Articles
22 July 2019

EUR & ECB: Facilitating the downside to the euro

The ECB is just about likely to stay on hold this week. We expect the dovish press conference, with guidance on a September rate cut and talk about QE, to weigh on the euro. The evolution of market expectations on ECB QE should be the prime euro-negative factor in the coming months

Figure 1: The ECB’s Dashboard

Source: ING
ING

FX: More downside to EUR…

Despite the market already pricing a 40% probability of a 10bp cut this week, more than one 10bp cut by September and close to 20bp overall easing by the end of this year, we see a downside risk to EUR/USD coming from the ECB meeting this Thursday. This is because:

(a) The ECB is likely to change the forward guidance and signal the upcoming cuts (in September and potentially beyond), thus cementing the markets' dovish expectations, and

(b) President Draghi is likely to deliver a dovish press conference, with a potential hint at QE (see ECB Preview for more details).

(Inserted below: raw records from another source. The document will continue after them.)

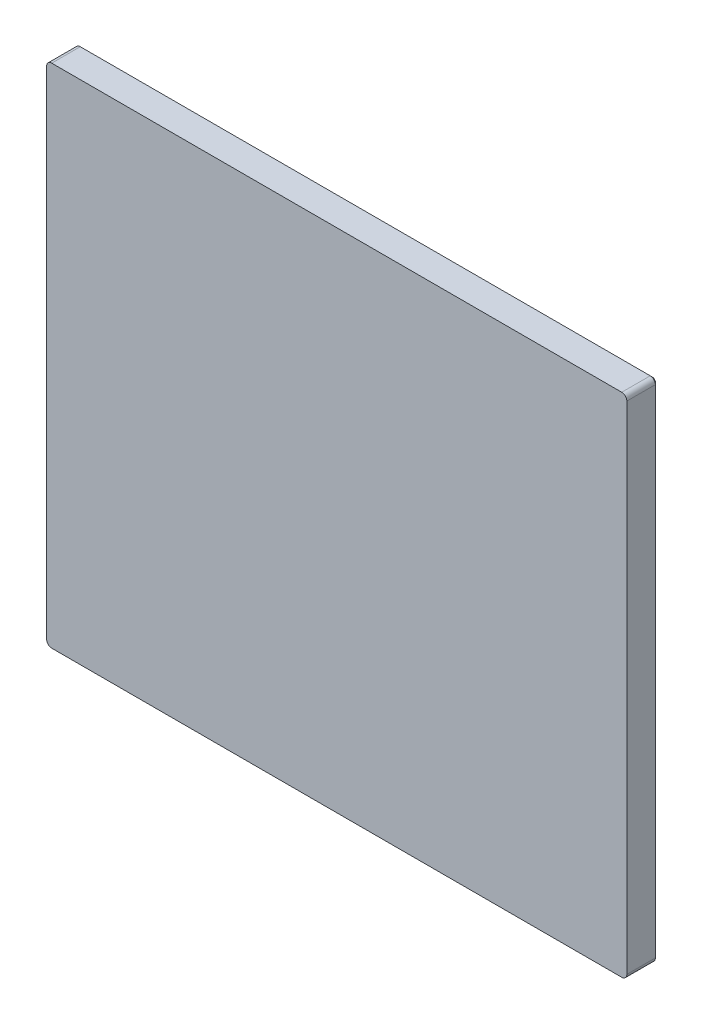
ISO-10303-21;
HEADER;
FILE_DESCRIPTION(('STEP AP214'),'2;1');
FILE_NAME('part.step','',(''),(''),'','','');
FILE_SCHEMA(('AUTOMOTIVE_DESIGN { 1 0 10303 214 1 1 1 1 }'));
ENDSEC;
DATA;
#1=APPLICATION_CONTEXT('core data for automotive mechanical design processes');
#2=APPLICATION_PROTOCOL_DEFINITION('international standard','automotive_design',2000,#1);
#3=PRODUCT_CONTEXT('',#1,'mechanical');
#4=PRODUCT('Part','Part','',(#3));
#5=PRODUCT_RELATED_PRODUCT_CATEGORY('part','',(#4));
#6=PRODUCT_DEFINITION_FORMATION('','',#4);
#7=PRODUCT_DEFINITION_CONTEXT('part definition',#1,'design');
#8=PRODUCT_DEFINITION('design','',#6,#7);
#9=PRODUCT_DEFINITION_SHAPE('','',#8);
#10=(LENGTH_UNIT() NAMED_UNIT(*) SI_UNIT(.MILLI.,.METRE.));
#11=(NAMED_UNIT(*) PLANE_ANGLE_UNIT() SI_UNIT($,.RADIAN.));
#12=(NAMED_UNIT(*) SI_UNIT($,.STERADIAN.) SOLID_ANGLE_UNIT());
#13=UNCERTAINTY_MEASURE_WITH_UNIT(LENGTH_MEASURE(1.E-05),#10,'distance_accuracy_value','');
#14=(GEOMETRIC_REPRESENTATION_CONTEXT(3) GLOBAL_UNCERTAINTY_ASSIGNED_CONTEXT((#13)) GLOBAL_UNIT_ASSIGNED_CONTEXT((#10,
#11,#12)) REPRESENTATION_CONTEXT('',''));
#15=CARTESIAN_POINT('',(0.,0.,0.));
#16=DIRECTION('',(0.,0.,1.));
#17=DIRECTION('',(1.,0.,0.));
#18=AXIS2_PLACEMENT_3D('',#15,#16,#17);
#19=CARTESIAN_POINT('',(180.34,-157.48,10.));
#20=DIRECTION('',(-1.,0.,0.));
#21=DIRECTION('',(0.,-1.,0.));
#22=AXIS2_PLACEMENT_3D('',#19,#20,#21);
#23=PLANE('',#22);
#24=DIRECTION('',(0.,1.,0.));
#25=VECTOR('',#24,1.);
#26=CARTESIAN_POINT('',(180.34,-154.305,9.));
#27=LINE('',#26,#25);
#28=CARTESIAN_POINT('',(180.34,-154.305,9.));
#29=VERTEX_POINT('',#28);
#30=CARTESIAN_POINT('',(180.34,154.305,9.));
#31=VERTEX_POINT('',#30);
#32=EDGE_CURVE('E757',#29,#31,#27,.T.);
#33=ORIENTED_EDGE('',*,*,#32,.F.);
#34=DIRECTION('',(0.,0.,-1.));
#35=VECTOR('',#34,1.);
#36=CARTESIAN_POINT('',(180.34,-154.305,10.));
#37=LINE('',#36,#35);
#38=CARTESIAN_POINT('',(180.34,-154.305,-8.73));
#39=VERTEX_POINT('',#38);
#40=EDGE_CURVE('E341',#29,#39,#37,.T.);
#41=ORIENTED_EDGE('',*,*,#40,.T.);
#42=DIRECTION('',(0.,1.,0.));
#43=VECTOR('',#42,1.);
#44=CARTESIAN_POINT('',(180.34,154.305,-8.73));
#45=LINE('',#44,#43);
#46=CARTESIAN_POINT('',(180.34,154.305,-8.73));
#47=VERTEX_POINT('',#46);
#48=EDGE_CURVE('E9',#39,#47,#45,.T.);
#49=ORIENTED_EDGE('',*,*,#48,.T.);
#50=DIRECTION('',(0.,0.,-1.));
#51=VECTOR('',#50,1.);
#52=CARTESIAN_POINT('',(180.34,154.305,10.));
#53=LINE('',#52,#51);
#54=EDGE_CURVE('E345',#47,#31,#53,.F.);
#55=ORIENTED_EDGE('',*,*,#54,.T.);
#56=EDGE_LOOP('',(#33,#41,#49,#55));
#57=FACE_BOUND('',#56,.T.);
#58=ADVANCED_FACE('F14',(#57),#23,.F.);
#59=CARTESIAN_POINT('',(-180.34,157.48,10.));
#60=DIRECTION('',(0.,-1.,0.));
#61=DIRECTION('',(1.,0.,0.));
#62=AXIS2_PLACEMENT_3D('',#59,#60,#61);
#63=PLANE('',#62);
#64=DIRECTION('',(-1.,0.,0.));
#65=VECTOR('',#64,1.);
#66=CARTESIAN_POINT('',(177.165,157.48,9.));
#67=LINE('',#66,#65);
#68=CARTESIAN_POINT('',(177.165,157.48,9.));
#69=VERTEX_POINT('',#68);
#70=CARTESIAN_POINT('',(-177.165,157.48,9.));
#71=VERTEX_POINT('',#70);
#72=EDGE_CURVE('E784',#69,#71,#67,.T.);
#73=ORIENTED_EDGE('',*,*,#72,.F.);
#74=DIRECTION('',(0.,0.,-1.));
#75=VECTOR('',#74,1.);
#76=CARTESIAN_POINT('',(177.165,157.48,10.));
#77=LINE('',#76,#75);
#78=CARTESIAN_POINT('',(177.165,157.48,-8.73));
#79=VERTEX_POINT('',#78);
#80=EDGE_CURVE('E351',#69,#79,#77,.T.);
#81=ORIENTED_EDGE('',*,*,#80,.T.);
#82=DIRECTION('',(-1.,0.,0.));
#83=VECTOR('',#82,1.);
#84=CARTESIAN_POINT('',(-177.165,157.48,-8.73));
#85=LINE('',#84,#83);
#86=CARTESIAN_POINT('',(-177.165,157.48,-8.73));
#87=VERTEX_POINT('',#86);
#88=EDGE_CURVE('E383',#79,#87,#85,.T.);
#89=ORIENTED_EDGE('',*,*,#88,.T.);
#90=DIRECTION('',(0.,0.,-1.));
#91=VECTOR('',#90,1.);
#92=CARTESIAN_POINT('',(-177.165,157.48,10.));
#93=LINE('',#92,#91);
#94=EDGE_CURVE('E343',#87,#71,#93,.F.);
#95=ORIENTED_EDGE('',*,*,#94,.T.);
#96=EDGE_LOOP('',(#73,#81,#89,#95));
#97=FACE_BOUND('',#96,.T.);
#98=ADVANCED_FACE('F777',(#97),#63,.F.);
#99=CARTESIAN_POINT('',(-180.34,-157.48,10.));
#100=DIRECTION('',(1.,0.,0.));
#101=DIRECTION('',(0.,1.,0.));
#102=AXIS2_PLACEMENT_3D('',#99,#100,#101);
#103=PLANE('',#102);
#104=DIRECTION('',(0.,-1.,0.));
#105=VECTOR('',#104,1.);
#106=CARTESIAN_POINT('',(-180.34,154.305,9.));
#107=LINE('',#106,#105);
#108=CARTESIAN_POINT('',(-180.34,154.305,9.));
#109=VERTEX_POINT('',#108);
#110=CARTESIAN_POINT('',(-180.34,-154.305,9.));
#111=VERTEX_POINT('',#110);
#112=EDGE_CURVE('E31',#109,#111,#107,.T.);
#113=ORIENTED_EDGE('',*,*,#112,.F.);
#114=DIRECTION('',(0.,0.,-1.));
#115=VECTOR('',#114,1.);
#116=CARTESIAN_POINT('',(-180.34,154.305,10.));
#117=LINE('',#116,#115);
#118=CARTESIAN_POINT('',(-180.34,154.305,-8.73));
#119=VERTEX_POINT('',#118);
#120=EDGE_CURVE('E355',#109,#119,#117,.T.);
#121=ORIENTED_EDGE('',*,*,#120,.T.);
#122=DIRECTION('',(0.,-1.,0.));
#123=VECTOR('',#122,1.);
#124=CARTESIAN_POINT('',(-180.34,-154.305,-8.73));
#125=LINE('',#124,#123);
#126=CARTESIAN_POINT('',(-180.34,-154.305,-8.73));
#127=VERTEX_POINT('',#126);
#128=EDGE_CURVE('E357',#119,#127,#125,.T.);
#129=ORIENTED_EDGE('',*,*,#128,.T.);
#130=DIRECTION('',(0.,0.,-1.));
#131=VECTOR('',#130,1.);
#132=CARTESIAN_POINT('',(-180.34,-154.305,10.));
#133=LINE('',#132,#131);
#134=EDGE_CURVE('E353',#127,#111,#133,.F.);
#135=ORIENTED_EDGE('',*,*,#134,.T.);
#136=EDGE_LOOP('',(#113,#121,#129,#135));
#137=FACE_BOUND('',#136,.T.);
#138=ADVANCED_FACE('F833',(#137),#103,.F.);
#139=CARTESIAN_POINT('',(-180.34,-157.48,10.));
#140=DIRECTION('',(0.,1.,0.));
#141=DIRECTION('',(-1.,0.,0.));
#142=AXIS2_PLACEMENT_3D('',#139,#140,#141);
#143=PLANE('',#142);
#144=DIRECTION('',(1.,0.,0.));
#145=VECTOR('',#144,1.);
#146=CARTESIAN_POINT('',(-177.165,-157.48,9.));
#147=LINE('',#146,#145);
#148=CARTESIAN_POINT('',(-177.165,-157.48,9.));
#149=VERTEX_POINT('',#148);
#150=CARTESIAN_POINT('',(177.165,-157.48,9.));
#151=VERTEX_POINT('',#150);
#152=EDGE_CURVE('E320',#149,#151,#147,.T.);
#153=ORIENTED_EDGE('',*,*,#152,.F.);
#154=DIRECTION('',(0.,0.,-1.));
#155=VECTOR('',#154,1.);
#156=CARTESIAN_POINT('',(-177.165,-157.48,10.));
#157=LINE('',#156,#155);
#158=CARTESIAN_POINT('',(-177.165,-157.48,-8.73));
#159=VERTEX_POINT('',#158);
#160=EDGE_CURVE('E331',#149,#159,#157,.T.);
#161=ORIENTED_EDGE('',*,*,#160,.T.);
#162=DIRECTION('',(1.,0.,0.));
#163=VECTOR('',#162,1.);
#164=CARTESIAN_POINT('',(177.165,-157.48,-8.73));
#165=LINE('',#164,#163);
#166=CARTESIAN_POINT('',(177.165,-157.48,-8.73));
#167=VERTEX_POINT('',#166);
#168=EDGE_CURVE('E381',#159,#167,#165,.T.);
#169=ORIENTED_EDGE('',*,*,#168,.T.);
#170=DIRECTION('',(0.,0.,-1.));
#171=VECTOR('',#170,1.);
#172=CARTESIAN_POINT('',(177.165,-157.48,10.));
#173=LINE('',#172,#171);
#174=EDGE_CURVE('E334',#167,#151,#173,.F.);
#175=ORIENTED_EDGE('',*,*,#174,.T.);
#176=EDGE_LOOP('',(#153,#161,#169,#175));
#177=FACE_BOUND('',#176,.T.);
#178=ADVANCED_FACE('F330',(#177),#143,.F.);
#179=CARTESIAN_POINT('',(177.165,-154.305,10.));
#180=DIRECTION('',(0.,0.,-1.));
#181=DIRECTION('',(0.,1.,0.));
#182=AXIS2_PLACEMENT_3D('',#179,#180,#181);
#183=CYLINDRICAL_SURFACE('',#182,3.175);
#184=ORIENTED_EDGE('',*,*,#40,.F.);
#185=CARTESIAN_POINT('',(177.165,-154.305,9.));
#186=DIRECTION('',(0.,0.,1.));
#187=DIRECTION('',(1.,0.,0.));
#188=AXIS2_PLACEMENT_3D('',#185,#186,#187);
#189=CIRCLE('',#188,3.175);
#190=EDGE_CURVE('E335',#151,#29,#189,.T.);
#191=ORIENTED_EDGE('',*,*,#190,.F.);
#192=ORIENTED_EDGE('',*,*,#174,.F.);
#193=CARTESIAN_POINT('',(177.165,-154.305,-8.73));
#194=DIRECTION('',(0.,0.,-1.));
#195=DIRECTION('',(0.,1.,0.));
#196=AXIS2_PLACEMENT_3D('',#193,#194,#195);
#197=CIRCLE('',#196,3.175);
#198=EDGE_CURVE('E385',#167,#39,#197,.F.);
#199=ORIENTED_EDGE('',*,*,#198,.T.);
#200=EDGE_LOOP('',(#184,#191,#192,#199));
#201=FACE_BOUND('',#200,.T.);
#202=ADVANCED_FACE('F935',(#201),#183,.T.);
#203=CARTESIAN_POINT('',(177.165,154.305,10.));
#204=DIRECTION('',(0.,0.,-1.));
#205=DIRECTION('',(0.,1.,0.));
#206=AXIS2_PLACEMENT_3D('',#203,#204,#205);
#207=CYLINDRICAL_SURFACE('',#206,3.175);
#208=ORIENTED_EDGE('',*,*,#80,.F.);
#209=CARTESIAN_POINT('',(177.165,154.305,9.));
#210=DIRECTION('',(0.,0.,1.));
#211=DIRECTION('',(1.,0.,0.));
#212=AXIS2_PLACEMENT_3D('',#209,#210,#211);
#213=CIRCLE('',#212,3.175);
#214=EDGE_CURVE('E764',#31,#69,#213,.T.);
#215=ORIENTED_EDGE('',*,*,#214,.F.);
#216=ORIENTED_EDGE('',*,*,#54,.F.);
#217=CARTESIAN_POINT('',(177.165,154.305,-8.73));
#218=DIRECTION('',(0.,0.,-1.));
#219=DIRECTION('',(0.,1.,0.));
#220=AXIS2_PLACEMENT_3D('',#217,#218,#219);
#221=CIRCLE('',#220,3.175);
#222=EDGE_CURVE('E23',#47,#79,#221,.F.);
#223=ORIENTED_EDGE('',*,*,#222,.T.);
#224=EDGE_LOOP('',(#208,#215,#216,#223));
#225=FACE_BOUND('',#224,.T.);
#226=ADVANCED_FACE('F762',(#225),#207,.T.);
#227=CARTESIAN_POINT('',(-177.165,154.305,10.));
#228=DIRECTION('',(0.,0.,-1.));
#229=DIRECTION('',(0.,1.,0.));
#230=AXIS2_PLACEMENT_3D('',#227,#228,#229);
#231=CYLINDRICAL_SURFACE('',#230,3.175);
#232=ORIENTED_EDGE('',*,*,#120,.F.);
#233=CARTESIAN_POINT('',(-177.165,154.305,9.));
#234=DIRECTION('',(0.,0.,1.));
#235=DIRECTION('',(1.,0.,0.));
#236=AXIS2_PLACEMENT_3D('',#233,#234,#235);
#237=CIRCLE('',#236,3.175);
#238=EDGE_CURVE('E783',#71,#109,#237,.T.);
#239=ORIENTED_EDGE('',*,*,#238,.F.);
#240=ORIENTED_EDGE('',*,*,#94,.F.);
#241=CARTESIAN_POINT('',(-177.165,154.305,-8.73));
#242=DIRECTION('',(0.,0.,-1.));
#243=DIRECTION('',(0.,1.,0.));
#244=AXIS2_PLACEMENT_3D('',#241,#242,#243);
#245=CIRCLE('',#244,3.175);
#246=EDGE_CURVE('E378',#87,#119,#245,.F.);
#247=ORIENTED_EDGE('',*,*,#246,.T.);
#248=EDGE_LOOP('',(#232,#239,#240,#247));
#249=FACE_BOUND('',#248,.T.);
#250=ADVANCED_FACE('F781',(#249),#231,.T.);
#251=CARTESIAN_POINT('',(-177.165,-154.305,10.));
#252=DIRECTION('',(0.,0.,-1.));
#253=DIRECTION('',(0.,1.,0.));
#254=AXIS2_PLACEMENT_3D('',#251,#252,#253);
#255=CYLINDRICAL_SURFACE('',#254,3.175);
#256=ORIENTED_EDGE('',*,*,#160,.F.);
#257=CARTESIAN_POINT('',(-177.165,-154.305,9.));
#258=DIRECTION('',(0.,0.,1.));
#259=DIRECTION('',(1.,0.,0.));
#260=AXIS2_PLACEMENT_3D('',#257,#258,#259);
#261=CIRCLE('',#260,3.175);
#262=EDGE_CURVE('E317',#111,#149,#261,.T.);
#263=ORIENTED_EDGE('',*,*,#262,.F.);
#264=ORIENTED_EDGE('',*,*,#134,.F.);
#265=CARTESIAN_POINT('',(-177.165,-154.305,-8.73));
#266=DIRECTION('',(0.,0.,-1.));
#267=DIRECTION('',(0.,1.,0.));
#268=AXIS2_PLACEMENT_3D('',#265,#266,#267);
#269=CIRCLE('',#268,3.175);
#270=EDGE_CURVE('E339',#127,#159,#269,.F.);
#271=ORIENTED_EDGE('',*,*,#270,.T.);
#272=EDGE_LOOP('',(#256,#263,#264,#271));
#273=FACE_BOUND('',#272,.T.);
#274=ADVANCED_FACE('F337',(#273),#255,.T.);
#275=CARTESIAN_POINT('',(180.34,157.48,-10.));
#276=DIRECTION('',(0.,0.,-1.));
#277=DIRECTION('',(0.,1.,0.));
#278=AXIS2_PLACEMENT_3D('',#275,#276,#277);
#279=PLANE('',#278);
#280=CARTESIAN_POINT('',(-135.,0.,-10.));
#281=DIRECTION('',(0.,0.,-1.));
#282=DIRECTION('',(-1.,0.,0.));
#283=AXIS2_PLACEMENT_3D('',#280,#281,#282);
#284=CIRCLE('',#283,7.27000000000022);
#285=CARTESIAN_POINT('',(-142.27,0.,-10.));
#286=VERTEX_POINT('',#285);
#287=EDGE_CURVE('E801',#286,#286,#284,.T.);
#288=ORIENTED_EDGE('',*,*,#287,.F.);
#289=EDGE_LOOP('',(#288));
#290=FACE_BOUND('',#289,.T.);
#291=CARTESIAN_POINT('',(135.,0.,-10.));
#292=DIRECTION('',(0.,0.,1.));
#293=DIRECTION('',(1.,0.,0.));
#294=AXIS2_PLACEMENT_3D('',#291,#292,#293);
#295=CIRCLE('',#294,7.27000000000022);
#296=CARTESIAN_POINT('',(142.27,0.,-10.));
#297=VERTEX_POINT('',#296);
#298=EDGE_CURVE('E792',#297,#297,#295,.T.);
#299=ORIENTED_EDGE('',*,*,#298,.T.);
#300=EDGE_LOOP('',(#299));
#301=FACE_BOUND('',#300,.T.);
#302=CARTESIAN_POINT('',(-177.165,-154.305,-10.));
#303=DIRECTION('',(0.,0.,-1.));
#304=DIRECTION('',(0.,1.,0.));
#305=AXIS2_PLACEMENT_3D('',#302,#303,#304);
#306=CIRCLE('',#305,1.905);
#307=CARTESIAN_POINT('',(-177.165,-156.21,-10.));
#308=VERTEX_POINT('',#307);
#309=CARTESIAN_POINT('',(-179.07,-154.305,-10.));
#310=VERTEX_POINT('',#309);
#311=EDGE_CURVE('E372',#308,#310,#306,.T.);
#312=ORIENTED_EDGE('',*,*,#311,.T.);
#313=DIRECTION('',(0.,1.,0.));
#314=VECTOR('',#313,1.);
#315=CARTESIAN_POINT('',(-179.07,154.305,-10.));
#316=LINE('',#315,#314);
#317=CARTESIAN_POINT('',(-179.07,154.305,-10.));
#318=VERTEX_POINT('',#317);
#319=EDGE_CURVE('E374',#310,#318,#316,.T.);
#320=ORIENTED_EDGE('',*,*,#319,.T.);
#321=CARTESIAN_POINT('',(-177.165,154.305,-10.));
#322=DIRECTION('',(0.,0.,-1.));
#323=DIRECTION('',(0.,1.,0.));
#324=AXIS2_PLACEMENT_3D('',#321,#322,#323);
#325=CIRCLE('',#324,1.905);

The latter in particular should be a negative factor for EUR over the coming months as the expectations for ECB QE will continue to build.

… as technicals are not stretched

On a short term basis, EUR/USD currently does not exert any meaningful risk premia (as per Fig 2, the cross is fairly valued based on our short term financial fair value model). Coupled with the fairly light short EUR/USD positioning (Fig 3), there is scope for EUR/USD downside stemming from the dovish press conference (the short-term effect – coming days) and a further build-up of ECB QE expectations (the medium-term effect – coming months). In Figure 1, we provide a scenario analysis around the possible ECB July meeting outcomes.

Figure 2: No material risk premium priced into the euro

The ECB is more likely to over-deliver than the Fed

With the market pricing almost three full 25bp Fed rate cuts this year (vs our economists' call for two cuts), from the monetary policy perspective the downside to the USD seems more limited vs the downside to EUR as, in our view, it is the ECB that will over-deliver this year (likely on the QE side). As per FX intervention: Does President Trump have the means, motive and opportunity?, at this point we see the main downside risk to USD stemming for the possible FX interventions (should the US administration frustration with the low EUR/USD rate grow) rather than an overly dovish Fed (given the still solid US data points).

Figure 3: EUR/USD speculative positioning not materially one-sided

Source: ING, CFTC
ING, CFTC

Bond markets: Longer-dated rates at risk of disappointment

An adjustment of the forward guidance to incorporate the possibility of lower rates would set the central bank on a clear path to cut rates in coming months. This should put the focus on the front end of the curve as markets also gauge where the new lower bound in policy rates will be. The absence of an immediate cut this time around would probably mark only a minor and in our view a temporary disappointment.

Longer-dated yields should be at greater risk of a temporary disappointment if the ECB were to remain vague on the possibility of restarting QE, and given well-advanced market expectations of a dovish press conference some profit-taking cannot be excluded.